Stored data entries
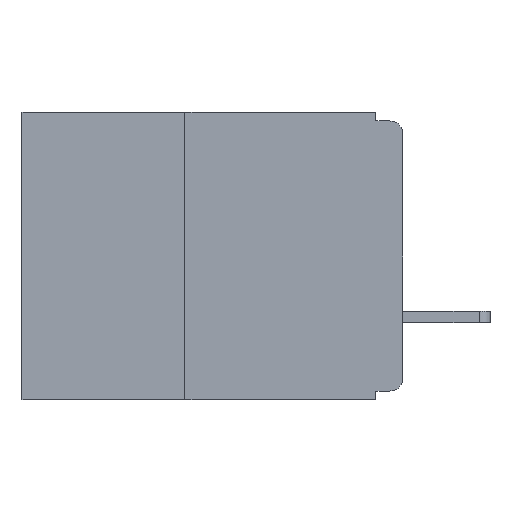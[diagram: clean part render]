
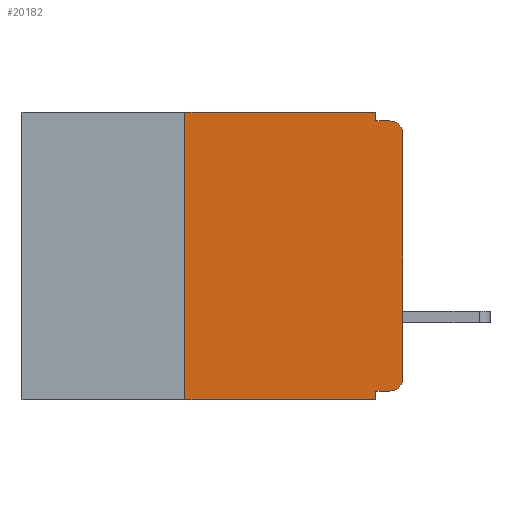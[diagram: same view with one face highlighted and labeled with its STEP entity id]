
A CAD part, left-side view. The second image highlights one B-rep face of the part: STEP entity #20182.
In plain terms, the highlighted planar face has unit normal (-1, 0, 0).
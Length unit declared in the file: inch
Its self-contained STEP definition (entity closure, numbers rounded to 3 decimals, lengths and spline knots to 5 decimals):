
#553 = DIRECTION ( 'NONE',  ( 0., 0., -1. ) ) ;
#590 = EDGE_CURVE ( 'NONE', #14979, #20951, #7249, .T. ) ;
#1408 = VECTOR ( 'NONE', #18362, 39.37008 ) ;
#1410 = VECTOR ( 'NONE', #22143, 39.37008 ) ;
#2030 = LINE ( 'NONE', #11376, #2719 ) ;
#2719 = VECTOR ( 'NONE', #11309, 39.37008 ) ;
#2774 = DIRECTION ( 'NONE',  ( 0., 0., 1. ) ) ;
#2792 = ORIENTED_EDGE ( 'NONE', *, *, #5186, .F. ) ;
#3486 = CIRCLE ( 'NONE', #6111, 0.015 ) ;
#3585 = ORIENTED_EDGE ( 'NONE', *, *, #15168, .F. ) ;
#4000 = EDGE_CURVE ( 'NONE', #16024, #14979, #2030, .T. ) ;
#4157 = ORIENTED_EDGE ( 'NONE', *, *, #13283, .T. ) ;
#4262 = DIRECTION ( 'NONE',  ( 0., 0., -1. ) ) ;
#4287 = DIRECTION ( 'NONE',  ( -1., 0., 0. ) ) ;
#4312 = CARTESIAN_POINT ( 'NONE',  ( 0., 0.015, -0.305 ) ) ;
#4709 = VECTOR ( 'NONE', #15337, 39.37008 ) ;
#5186 = EDGE_CURVE ( 'NONE', #20951, #26226, #9771, .T. ) ;
#5201 = DIRECTION ( 'NONE',  ( -1., 0., 0. ) ) ;
#5210 = DIRECTION ( 'NONE',  ( 0., 0., 1. ) ) ;
#5637 = VERTEX_POINT ( 'NONE', #9111 ) ;
#5722 = VECTOR ( 'NONE', #5210, 39.37008 ) ;
#6111 = AXIS2_PLACEMENT_3D ( 'NONE', #4312, #4287, #4262 ) ;
#6466 = LINE ( 'NONE', #18337, #27461 ) ;
#6478 = VERTEX_POINT ( 'NONE', #20808 ) ;
#6646 = DIRECTION ( 'NONE',  ( 1., 0., 0. ) ) ;
#7179 = VERTEX_POINT ( 'NONE', #25304 ) ;
#7189 = ORIENTED_EDGE ( 'NONE', *, *, #25845, .T. ) ;
#7249 = LINE ( 'NONE', #10020, #1410 ) ;
#7711 = EDGE_CURVE ( 'NONE', #22563, #6478, #23375, .T. ) ;
#8446 = CARTESIAN_POINT ( 'NONE',  ( 0., 0.031, -0.33 ) ) ;
#8738 = EDGE_CURVE ( 'NONE', #22563, #5637, #3486, .T. ) ;
#9049 = FACE_OUTER_BOUND ( 'NONE', #18126, .T. ) ;
#9111 = CARTESIAN_POINT ( 'NONE',  ( 0., 0., -0.305 ) ) ;
#9771 = LINE ( 'NONE', #15397, #4709 ) ;
#9977 = DIRECTION ( 'NONE',  ( 0., -1., 0. ) ) ;
#10020 = CARTESIAN_POINT ( 'NONE',  ( 0., 0.031, 0. ) ) ;
#10338 = ORIENTED_EDGE ( 'NONE', *, *, #19478, .F. ) ;
#10369 = CARTESIAN_POINT ( 'NONE',  ( 0., 0.25, 0. ) ) ;
#11309 = DIRECTION ( 'NONE',  ( 0., -1., 0. ) ) ;
#11376 = CARTESIAN_POINT ( 'NONE',  ( 0., 0.437, 0. ) ) ;
#11410 = CARTESIAN_POINT ( 'NONE',  ( 0., 0., 0. ) ) ;
#11448 = CARTESIAN_POINT ( 'NONE',  ( 0., 0.031, -0.33 ) ) ;
#11546 = AXIS2_PLACEMENT_3D ( 'NONE', #14105, #6646, #21405 ) ;
#13283 = EDGE_CURVE ( 'NONE', #19607, #26226, #25375, .T. ) ;
#13361 = AXIS2_PLACEMENT_3D ( 'NONE', #17932, #5201, #20006 ) ;
#14105 = CARTESIAN_POINT ( 'NONE',  ( 0., 0.437, 0. ) ) ;
#14869 = CARTESIAN_POINT ( 'NONE',  ( 0., 0.031, 0. ) ) ;
#14979 = VERTEX_POINT ( 'NONE', #14869 ) ;
#15168 = EDGE_CURVE ( 'NONE', #6478, #21979, #20051, .T. ) ;
#15337 = DIRECTION ( 'NONE',  ( 0., -1., 0. ) ) ;
#15397 = CARTESIAN_POINT ( 'NONE',  ( 0., 0., -0.01 ) ) ;
#16024 = VERTEX_POINT ( 'NONE', #10369 ) ;
#16533 = EDGE_CURVE ( 'NONE', #7179, #21979, #6466, .T. ) ;
#17852 = ORIENTED_EDGE ( 'NONE', *, *, #590, .F. ) ;
#17932 = CARTESIAN_POINT ( 'NONE',  ( 0., 0.015, -0.025 ) ) ;
#17939 = CARTESIAN_POINT ( 'NONE',  ( 0., 0.25, -0.33 ) ) ;
#18126 = EDGE_LOOP ( 'NONE', ( #7189, #4157, #2792, #17852, #18235, #10338, #22793, #3585, #19544, #24770 ) ) ;
#18235 = ORIENTED_EDGE ( 'NONE', *, *, #4000, .F. ) ;
#18304 = CARTESIAN_POINT ( 'NONE',  ( 0., 0., -0.025 ) ) ;
#18337 = CARTESIAN_POINT ( 'NONE',  ( 0., 0.437, -0.33 ) ) ;
#18362 = DIRECTION ( 'NONE',  ( 0., 1., 0. ) ) ;
#18453 = CARTESIAN_POINT ( 'NONE',  ( 0., 0., -0.32 ) ) ;
#19392 = VECTOR ( 'NONE', #553, 39.37008 ) ;
#19478 = EDGE_CURVE ( 'NONE', #7179, #16024, #26763, .T. ) ;
#19544 = ORIENTED_EDGE ( 'NONE', *, *, #7711, .F. ) ;
#19607 = VERTEX_POINT ( 'NONE', #18304 ) ;
#20006 = DIRECTION ( 'NONE',  ( 0., 0., -1. ) ) ;
#20051 = LINE ( 'NONE', #11448, #19392 ) ;
#20182 = ADVANCED_FACE ( 'NONE', ( #9049 ), #22363, .F. ) ;
#20808 = CARTESIAN_POINT ( 'NONE',  ( 0., 0.031, -0.32 ) ) ;
#20951 = VERTEX_POINT ( 'NONE', #23729 ) ;
#21192 = VECTOR ( 'NONE', #2774, 39.37008 ) ;
#21405 = DIRECTION ( 'NONE',  ( 0., 0., -1. ) ) ;
#21830 = LINE ( 'NONE', #11410, #21192 ) ;
#21979 = VERTEX_POINT ( 'NONE', #8446 ) ;
#22143 = DIRECTION ( 'NONE',  ( 0., 0., -1. ) ) ;
#22363 = PLANE ( 'NONE',  #11546 ) ;
#22563 = VERTEX_POINT ( 'NONE', #25441 ) ;
#22793 = ORIENTED_EDGE ( 'NONE', *, *, #16533, .T. ) ;
#23375 = LINE ( 'NONE', #18453, #1408 ) ;
#23729 = CARTESIAN_POINT ( 'NONE',  ( 0., 0.031, -0.01 ) ) ;
#24770 = ORIENTED_EDGE ( 'NONE', *, *, #8738, .T. ) ;
#25237 = CARTESIAN_POINT ( 'NONE',  ( 0., 0.015, -0.01 ) ) ;
#25304 = CARTESIAN_POINT ( 'NONE',  ( 0., 0.25, -0.33 ) ) ;
#25375 = CIRCLE ( 'NONE', #13361, 0.015 ) ;
#25441 = CARTESIAN_POINT ( 'NONE',  ( 0., 0.015, -0.32 ) ) ;
#25845 = EDGE_CURVE ( 'NONE', #5637, #19607, #21830, .T. ) ;
#26226 = VERTEX_POINT ( 'NONE', #25237 ) ;
#26763 = LINE ( 'NONE', #17939, #5722 ) ;
#27461 = VECTOR ( 'NONE', #9977, 39.37008 ) ;

▸ Task details
Copy every line above in which the string "unit" shows up.

▸ Problem solution
In plain terms, the highlighted planar face has unit normal (-1, 0, 0).
Length unit declared in the file: inch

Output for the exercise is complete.